Out of precaution; this is not a personal attack on your ego. Don't project your emotions at me because you disagree.


----------



## Yepi69 (May 17, 2013)




----------



## nachoscool (May 17, 2013)

Okay this looks like fun.

Metal Gear Solid: I'm a huge Metal Gear fan having played all of them but 4 because I don't have a PS3. People should play Metal Gear not for the story but for the experiences you will go through playing it.

Pokemon: Having played all the Pokes I can safely say that its addictive as shit. In my opinion the only reason why people hate on the games is because they find them too childish to play in public and are afraid they will get ridiculed.

Kingdom Hearts: Never played them. It's fanfic tier shit that I have no interest in playing. I do see the appeal however.

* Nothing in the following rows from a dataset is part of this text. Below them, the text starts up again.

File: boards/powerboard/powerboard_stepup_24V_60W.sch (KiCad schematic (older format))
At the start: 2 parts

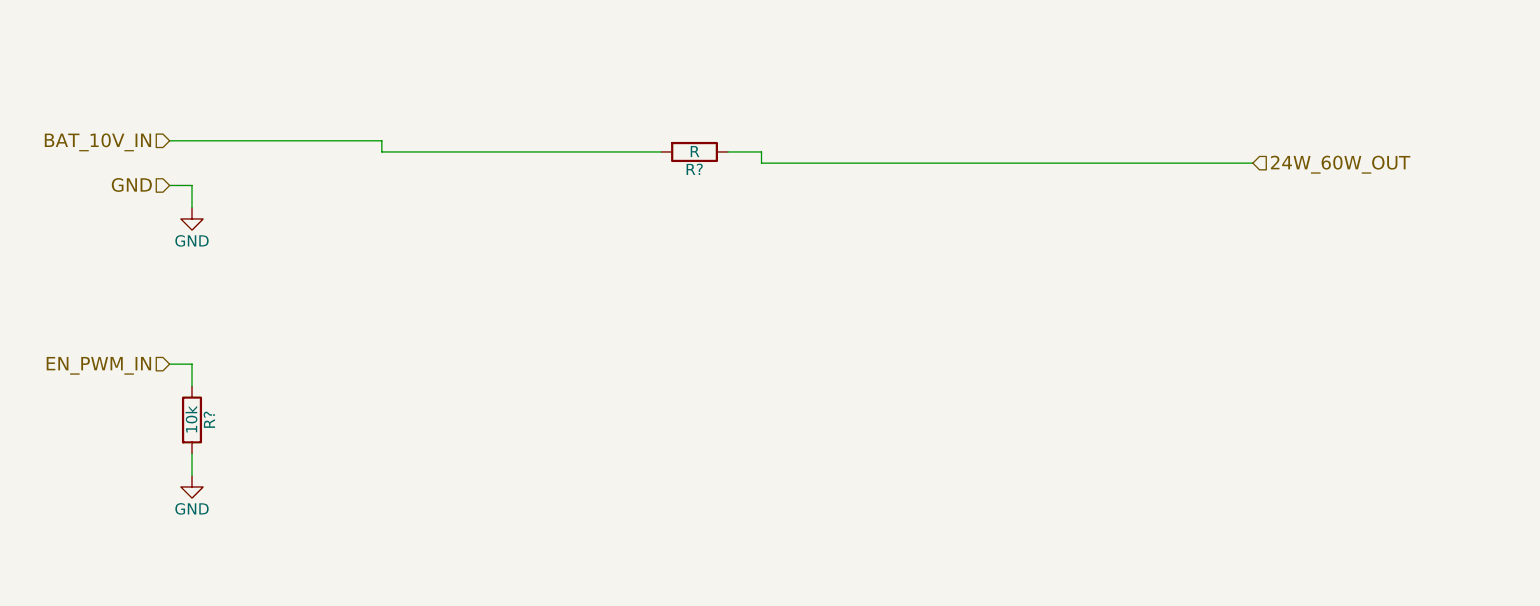
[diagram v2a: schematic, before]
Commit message: powerboard: add lt1370 boost converter
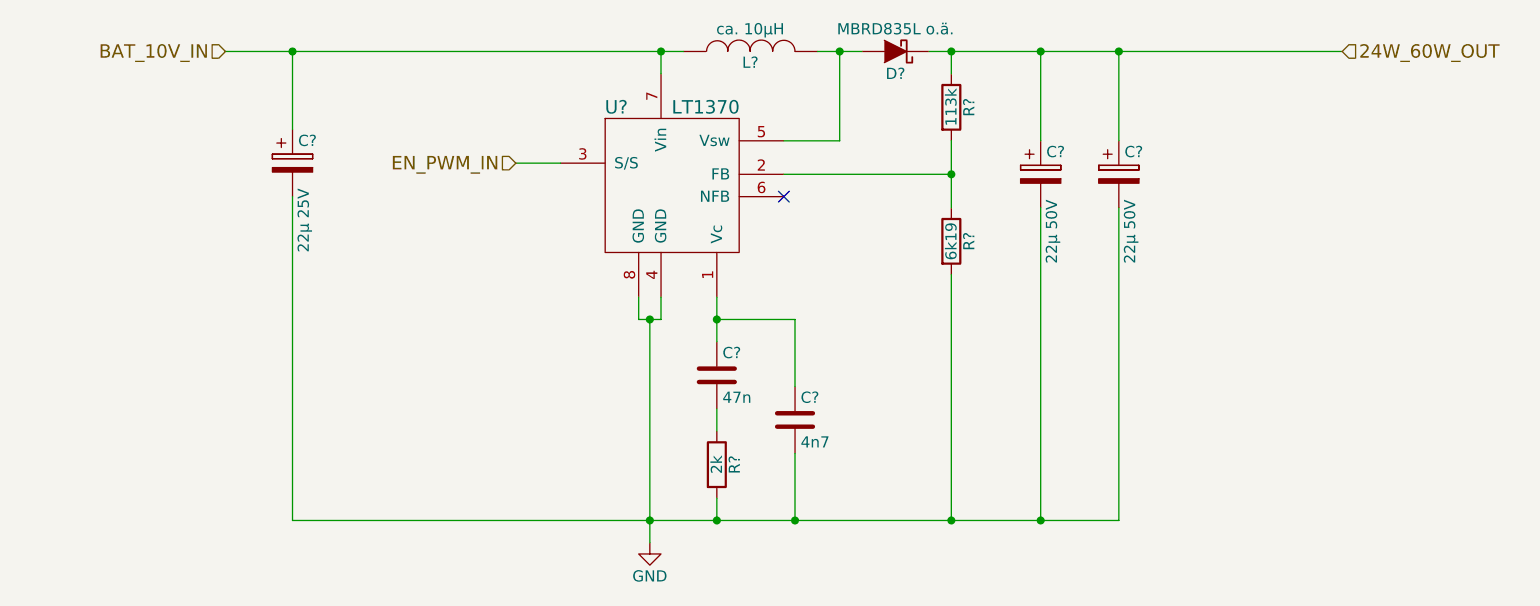
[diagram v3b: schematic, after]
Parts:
- removed R?: R, symbol R
- removed R?: 10k, symbol R
- added C?: 47n, symbol C
- added C?: 4n7, symbol C
- added C?: 22µ 25V, symbol CP
- added C? (x2): 22µ 50V, symbol CP
- added D?: MBRD835L o.ä., symbol D_Schottky
- added L?: ca. 10µH, symbol INDUCTOR
- added R?: 113k, symbol R
- added R?: 6k19, symbol R
- added R?: 2k, symbol R
- added U?: LT1370, symbol LT1370
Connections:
- net 24W_60W_OUT: now also C?.1, C?.1, D?.1 (K), R?.1
- net BAT_10V_IN: now also C?.1, L?.1, U?.7 (Vin)
- net EN_PWM_IN: now also U?.3 (S/S)
- net GND: now also C?.2, C?.2, C?.2, C?.2, R?.2, R?.2, U?.4 (GND), U?.8 (GND)
- new net: C?.1, C?.1, U?.1 (Vc)
- new net: R?.1, R?.2, U?.2 (FB)
- new net: D?.2 (A), L?.2, U?.5 (Vsw)
- new net: C?.2, R?.1
- no-connect marks 0 -> 1
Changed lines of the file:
@@
 LIBS:DRV8816
 LIBS:ACS711
+LIBS:lt1370
 LIBS:powerboard-cache
 EELAYER 25 0
@@
 Comment4 ""
 $EndDescr
-Text HLabel 1850 1850 0    60   Input ~ 0
+Text HLabel 2100 1450 0    60   Input ~ 0
 BAT_10V_IN
-Text HLabel 1850 2050 0    60   Input ~ 0
-GND
-$Comp
-L GND #PWR019
-U 1 1 58870495
-P 1950 2150
-AR Path="/5886F238/58870495" Ref="#PWR019"  Part="1"
-AR Path="/5886F2AA/58870495" Ref="#PWR021"  Part="1"
-AR Path="/5886F5A0/58870495" Ref="#PWR023"  Part="1"
-F 0 "#PWR023" H 1950 1900 50  0001 C CNN
-F 1 "GND" H 1950 2000 50  0000 C CNN
-F 2 "" H 1950 2150 50  0000 C CNN
-F 3 "" H 1950 2150 50  0000 C CNN
-	1    1950 2150
-	1    0    0    -1
-$EndComp
-Wire Wire Line
-	1850 2050 1950 2050
-Wire Wire Line
-	1950 2050 1950 2150
-Text HLabel 6700 1950 2    60   Input ~ 0
+Text HLabel 7100 1450 2    60   Input ~ 0
 24W_60W_OUT
-$Comp
-L R R?
-U 1 1 588704AE
-P 4200 1900
-AR Path="/5886F238/588704AE" Ref="R?"  Part="1"
-AR Path="/5886F2AA/588704AE" Ref="R?"  Part="1"
-AR Path="/5886F5A0/588704AE" Ref="R?"  Part="1"
-F 0 "R?" V 4280 1900 50  0000 C CNN
-F 1 "R" V 4200 1900 50  0000 C CNN
-F 2 "" V 4130 1900 50  0000 C CNN
-F 3 "" H 4200 1900 50  0000 C CNN
-	1    4200 1900
-	0    1    1    0
-$EndComp
-Wire Wire Line
-	6700 1950 4500 1950
-Wire Wire Line
-	4500 1950 4500 1900
-Wire Wire Line
-	4500 1900 4350 1900
-Wire Wire Line
-	4050 1900 2800 1900
-Wire Wire Line
-	2800 1900 2800 1850
-Wire Wire Line
-	2800 1850 1850 1850
-Text HLabel 1850 2850 0    60   Input ~ 0
+Text HLabel 3400 1950 0    60   Input ~ 0
 EN_PWM_IN
-$Comp
-L R R?
-U 1 1 58878248
-P 1950 3100
-AR Path="/5886F238/58878248" Ref="R?"  Part="1"
-AR Path="/5886F2AA/58878248" Ref="R?"  Part="1"
-AR Path="/5886F5A0/58878248" Ref="R?"  Part="1"
-F 0 "R?" V 2030 3100 50  0000 C CNN
-F 1 "10k" V 1950 3100 50  0000 C CNN
-F 2 "" V 1880 3100 50  0000 C CNN
-F 3 "" H 1950 3100 50  0000 C CNN
-	1    1950 3100
-	1    0    0    -1
-$EndComp
 $Comp
 L GND #PWR020
 U 1 1 58878312
-P 1950 3350
+P 4000 3650
 AR Path="/5886F238/58878312" Ref="#PWR020"  Part="1"
 AR Path="/5886F2AA/58878312" Ref="#PWR022"  Part="1"
 AR Path="/5886F5A0/58878312" Ref="#PWR024"  Part="1"
-F 0 "#PWR024" H 1950 3100 50  0001 C CNN
-F 1 "GND" H 1950 3200 50  0000 C CNN
-F 2 "" H 1950 3350 50  0000 C CNN
-F 3 "" H 1950 3350 50  0000 C CNN
-	1    1950 3350
-	1    0    0    -1
-$EndComp
-Wire Wire Line
-	1950 3350 1950 3250
-Wire Wire Line
-	1950 2950 1950 2850
-Wire Wire Line
-	1950 2850 1850 2850
+F 0 "#PWR020" H 4000 3400 50  0001 C CNN
+F 1 "GND" H 4000 3500 50  0000 C CNN
+F 2 "" H 4000 3650 50  0000 C CNN
+F 3 "" H 4000 3650 50  0000 C CNN
+	1    4000 3650
+	1    0    0    -1
+$EndComp
+$Comp
+L LT1370 U?
+U 1 1 588A8663
+P 4100 2050
+F 0 "U?" H 3850 2400 60  0000 C CNN
+F 1 "LT1370" H 4250 2400 60  0000 C CNN
+F 2 "" H 4950 1625 60  0000 C CNN
+F 3 "" H 4950 1625 60  0000 C CNN
+	1    4100 2050
+	1    0    0    -1
+$EndComp
+$Comp
+L INDUCTOR L?
+U 1 1 588A86BB
+P 4450 1450
+F 0 "L?" V 4400 1450 50  0000 C CNN
+F 1 "ca. 10µH" V 4550 1450 50  0000 C CNN
+F 2 "" H 4450 1450 50  0000 C CNN
+F 3 "" H 4450 1450 50  0000 C CNN
+	1    4450 1450
+	0    -1   -1   0
+$EndComp
+$Comp
+L D_Schottky D?
+U 1 1 588A86F2
+P 5100 1450
+F 0 "D?" H 5100 1550 50  0000 C CNN
+F 1 "MBRD835L o.ä." H 5100 1350 50  0000 C CNN
+F 2 "" H 5100 1450 50  0000 C CNN
+F 3 "" H 5100 1450 50  0000 C CNN
+	1    5100 1450
+	-1   0    0    1
+$EndComp
+Wire Wire Line
+	4600 1850 4850 1850
+Wire Wire Line
+	4850 1850 4850 1450
+Wire Wire Line
+	4750 1450 4950 1450
+Connection ~ 4850 1450
+Wire Wire Line
+	4050 1550 4050 1450
+Wire Wire Line
+	2100 1450 4150 1450
+$Comp
+L R R?
+U 1 1 588A8805
+P 5350 1700
+F 0 "R?" V 5430 1700 50  0000 C CNN
+F 1 "113k" V 5350 1700 50  0000 C CNN
+F 2 "" V 5280 1700 50  0000 C CNN
+F 3 "" H 5350 1700 50  0000 C CNN
+	1    5350 1700
+	1    0    0    -1
+$EndComp
+$Comp
+L R R?
+U 1 1 588A8867
+P 5350 2300
+F 0 "R?" V 5430 2300 50  0000 C CNN
+F 1 "6k19" V 5350 2300 50  0000 C CNN
+F 2 "" V 5280 2300 50  0000 C CNN
+F 3 "" H 5350 2300 50  0000 C CNN
+	1    5350 2300
+	1    0    0    -1
+$EndComp
+Wire Wire Line
+	5350 2150 5350 1850
+Wire Wire Line
+	4600 2000 5350 2000
+Connection ~ 5350 2000
+Wire Wire Line
+	5350 1550 5350 1450
+Wire Wire Line
+	5250 1450 7100 1450
+NoConn ~ 4600 2100
+$Comp
+L C C?
+U 1 1 588A8A56
+P 4300 2900
+F 0 "C?" H 4325 3000 50  0000 L CNN
+F 1 "47n" H 4325 2800 50  0000 L CNN
+F 2 "" H 4338 2750 50  0000 C CNN
+F 3 "" H 4300 2900 50  0000 C CNN
+	1    4300 2900
+	1    0    0    -1
+$EndComp
+$Comp
+L R R?
+U 1 1 588A8B43
+P 4300 3300
+F 0 "R?" V 4380 3300 50  0000 C CNN
+F 1 "2k" V 4300 3300 50  0000 C CNN
+F 2 "" V 4230 3300 50  0000 C CNN
+F 3 "" H 4300 3300 50  0000 C CNN
+	1    4300 3300
+	1    0    0    -1
+$EndComp
+$Comp
+L C C?
+U 1 1 588A8BB9
+P 4650 3100
+F 0 "C?" H 4675 3200 50  0000 L CNN
+F 1 "4n7" H 4675 3000 50  0000 L CNN
+F 2 "" H 4688 2950 50  0000 C CNN
+F 3 "" H 4650 3100 50  0000 C CNN
+	1    4650 3100
+	1    0    0    -1
+$EndComp
+Wire Wire Line
+	4300 2550 4300 2750
+Wire Wire Line
+	4300 2650 4650 2650
+Wire Wire Line
+	4650 2650 4650 2950
+Connection ~ 4300 2650
+Wire Wire Line
+	4300 3150 4300 3050
+Wire Wire Line
+	4000 2650 4000 3650
+Wire Wire Line
+	2400 3550 6100 3550
+Wire Wire Line
+	4300 3550 4300 3450
+Wire Wire Line
+	4650 3550 4650 3250
+Connection ~ 4300 3550
+Wire Wire Line
+	3950 2650 4050 2650
+Wire Wire Line
+	3950 2650 3950 2550
+Connection ~ 4000 3550
+Wire Wire Line
+	4050 2650 4050 2550
+Connection ~ 4000 2650
+Wire Wire Line
+	5350 3550 5350 2450
+Connection ~ 4650 3550
+Connection ~ 4050 1450
+Wire Wire Line
+	3400 1950 3600 1950
+$Comp
+L CP C?
+U 1 1 588A9B10
+P 2400 1950
+F 0 "C?" H 2425 2050 50  0000 L CNN
+F 1 "22µ 25V" V 2450 1550 50  0000 L CNN
+F 2 "" H 2438 1800 50  0000 C CNN
+F 3 "" H 2400 1950 50  0000 C CNN
+	1    2400 1950
+	1    0    0    -1
+$EndComp
+Wire Wire Line
+	2400 1800 2400 1450
+Connection ~ 2400 1450
+Wire Wire Line
+	2400 2100 2400 3550
+$Comp
+L CP C?
+U 1 1 588A9E5D
+P 5750 2000
+F 0 "C?" H 5775 2100 50  0000 L CNN
+F 1 "22µ 50V" V 5800 1600 50  0000 L CNN
+F 2 "" H 5788 1850 50  0000 C CNN
+F 3 "" H 5750 2000 50  0000 C CNN
+	1    5750 2000
+	1    0    0    -1
+$EndComp
+$Comp
+L CP C?
+U 1 1 588AA272
+P 6100 2000
+F 0 "C?" H 6125 2100 50  0000 L CNN
+F 1 "22µ 50V" V 6150 1600 50  0000 L CNN
+F 2 "" H 6138 1850 50  0000 C CNN
+F 3 "" H 6100 2000 50  0000 C CNN
+	1    6100 2000
+	1    0    0    -1
+$EndComp
+Wire Wire Line
+	5750 1450 5750 1850
+Connection ~ 5350 1450
+Wire Wire Line
+	6100 1450 6100 1850
+Connection ~ 5750 1450
+Connection ~ 6100 1450
+Wire Wire Line
+	5750 3550 5750 2150
+Connection ~ 5350 3550
+Wire Wire Line
+	6100 3550 6100 2150
+Connection ~ 5750 3550
 $EndSCHEMATC

Monster Hunter: I have 3 on the Wii and spent like 100 playing it. It was mostly grinding and I loved every minute of it.

Cowaduty: It's shit.


----------



## astrangeone (May 17, 2013)

nachoscool said:


> Okay this looks like fun.
> 
> Metal Gear Solid: I'm a huge Metal Gear fan having played all of them but 4 because I don't have a PS3. People should play Metal Gear not for the story but for the experiences you will go through playing it.
> 
> ...



I so agree with the analysis of KH.  I will never, in a million years find it find.  Plus, the game side of things really pisses me off.  (The fighting with cards things.)


----------



## beta4attack (May 17, 2013)

ggyo said:


> Instead of saying it's not true, TELL ME WHY PLEASE. KH is the style of game I really enjoy, but the experience is so shallow right from the start that I never continue with the game, because I don't expect anything deeper.
> 
> Is the story NOT complicated?
> Can you NOT complete just about every battle with simple hack-n-slashing?
> ...


The story is complicated, yes, but that's the beauty of it for us fans of the series, we continue to analyse the story bit by bit with each other, try to uncover its secrets and we go crazy predicting what will happen next, it's all about having fun. The world is not huge I admit that, but it's constantly getting bigger by the games. Yes, several music pieces do that and they're very memorable, at least to me, some are happy-go-round, sad violin and others epic themes. The voice for some characters, sure, but most of the characters have good voice-acting, a lot other JRPGs have worse, really.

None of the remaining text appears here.